In order to promote this technology, researchers have also proposed a solution to hyperparameter adjustment in regular deconvolution algorithms. By using the sparsity of the curvelet coefficient to estimate the noise intensity, automatic parameter determination has been achieved. The researchers developed user-friendly GUI software and open-source all the code and fluorescence image raw data for users and developers to use. The researchers hope that this work can provide a convenient deconvolution tool for biologists and microscopy researchers to use first-hand.

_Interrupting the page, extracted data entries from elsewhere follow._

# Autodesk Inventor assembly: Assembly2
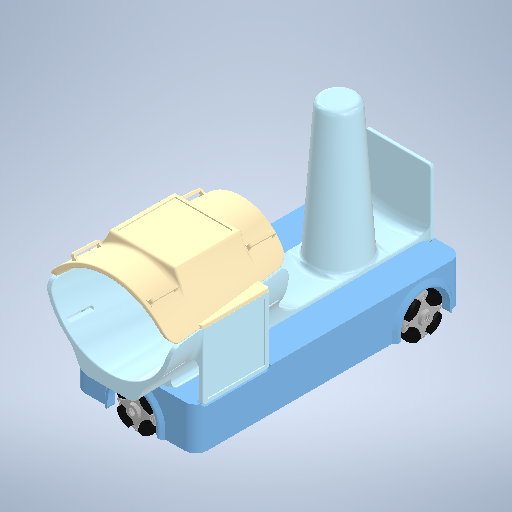
[picture p0: Inventor's stored thumbnail of the model, 512x512]
Saved by Autodesk Inventor 2025 (Build 290162000, 162)
## iProperties
Created: 2024-06-13
Part Number: Assembly2
Document SubType Name: Assembly
Designer: Pintu
Author: Pintu
## Documents named in this file (10)
- D:\CMC\my_inventor\ArmBo_v2\wearable\Assembly2.iam
- D:\CMC\my_inventor\ArmBo_v2\wearable\wearable.ipt
- D:\CMC\my_inventor\ArmBo_v2\wearable\aruco_top_marker.ipt
- D:\CMC\my_inventor\ArmBo_v2\wearable\new_base_old.ipt
- D:\CMC\my_inventor\ArmBo_v2\wearable\new_base.ipt
- D:\CMC\my_inventor\ArmBo_v2\wheels\omniwheel_38mm\omniwheel_38mm\wheel_38mm_assembly.iam
- D:\CMC\my_inventor\ArmBo_v2\wheels\omniwheel_38mm\omniwheel_38mm\wheel_holder.ipt
- C:\Users\Pintu\Documents\Inventor\Content Center Files\R2025\en-US\ISO 4762(2)\ISO 4762 - M3 x 30ISO.ipt
- C:\Users\Pintu\Documents\Inventor\Content Center Files\R2025\en-US\ISO 7089\ISO 7089 - 3 - 140 HV(1).ipt
- C:\Users\Pintu\Documents\Inventor\Content Center Files\R2025\en-US\ISO 4032(2)\ISO 4032 - M3 - ISO.ipt
## Components (16 placed, 9 different names)
1. wearable:1 — Flush:3, Flush:4, Flush:5, Mate:2
2. aruco_top_marker:1
3. new_base_old:1 — Flush:3
4. new_base:1 — Flush:4, Flush:5, Mate:2, Mate:6, Mate:7, Mate:8, Mate:9, Mate:12, Mate:13, Mate:18, Mate:22
5. wheel_38mm_assembly:1 [sub-assembly] — Mate:10
6. wheel_38mm_assembly:2 [sub-assembly] — Mate:14
7. wheel_38mm_assembly:3 [sub-assembly] — Mate:11
8. wheel_holder:1 — Mate:8, Mate:9, Mate:11
9. wheel_holder:2 — Mate:6, Mate:7, Mate:10, Mate:15, Mate:16, Mate:17, Mate:19, Mate:20, Mate:21
10. wheel_holder:3 — Mate:12, Mate:13, Mate:14
11. ISO 4762 M3 x 30:1 — Mate:15, Mate:16
12. ISO 7089 3:1 — Mate:17, Mate:18, Insert:1
13. ISO 4032 M3:1 — Insert:1
14. ISO 4762 M3 x 30:2 — Mate:19, Mate:20
15. ISO 7089 3:2 — Mate:21, Mate:22, Insert:2
16. ISO 4032 M3:2 — Insert:2
## Relationships (23: Mate 18, Flush 3, Insert 2)
- Flush:3: wearable:1 ↔ new_base_old:1
- Flush:4: wearable:1 ↔ new_base:1
- Flush:5 (25 mm): wearable:1 ↔ new_base:1
- Mate:2: wearable:1 ↔ new_base:1
- Mate:6: new_base:1 ↔ wheel_holder:2
- Mate:7: new_base:1 ↔ wheel_holder:2
- Mate:8: new_base:1 ↔ wheel_holder:1
- Mate:9: new_base:1 ↔ wheel_holder:1
- Mate:10: wheel_38mm_assembly:1 ↔ wheel_holder:2
- Mate:11: wheel_38mm_assembly:3 ↔ wheel_holder:1
- Mate:12: new_base:1 ↔ wheel_holder:3
- Mate:13: new_base:1 ↔ wheel_holder:3
- Mate:14: wheel_38mm_assembly:2 ↔ wheel_holder:3
- Mate:15: wheel_holder:2 ↔ ISO 4762 M3 x 30:1
- Mate:16: wheel_holder:2 ↔ ISO 4762 M3 x 30:1
- Mate:17: wheel_holder:2 ↔ ISO 7089 3:1
- Mate:18: new_base:1 ↔ ISO 7089 3:1
- Insert:1: ISO 7089 3:1 ↔ ISO 4032 M3:1
- Mate:19: wheel_holder:2 ↔ ISO 4762 M3 x 30:2
- Mate:20: wheel_holder:2 ↔ ISO 4762 M3 x 30:2
- Mate:21: wheel_holder:2 ↔ ISO 7089 3:2
- Mate:22: new_base:1 ↔ ISO 7089 3:2
- Insert:2: ISO 7089 3:2 ↔ ISO 4032 M3:2

PhD student Hou Yiwei from the School of Future Technology, Peking University, is the first author of the paper. Professor Xi Peng and Dr. Li Meiqi from Peking University are the co-corresponding authors of the paper. The main contributors to the paper also include Fu Yunzhe, a PhD student at Peking University, and engineers Wang Wenyi and Ge Xichuan from Beijing Airy Precision Instrument Company. This work was supported by the National Key R&D Program of China and the National Natural Science Foundation of China.

Figure 2. SecMRA deconvolution enables long-term live cell imaging. a. b. Dual-color imaging of microtubules and lysosomes. SecMRA deconvolution effectively removes noise, out-of-focus background, and enhances resolution. c-g. SecMRA deconvolution achieves imaging of endoplasmic reticulum and mitochondrial interactions.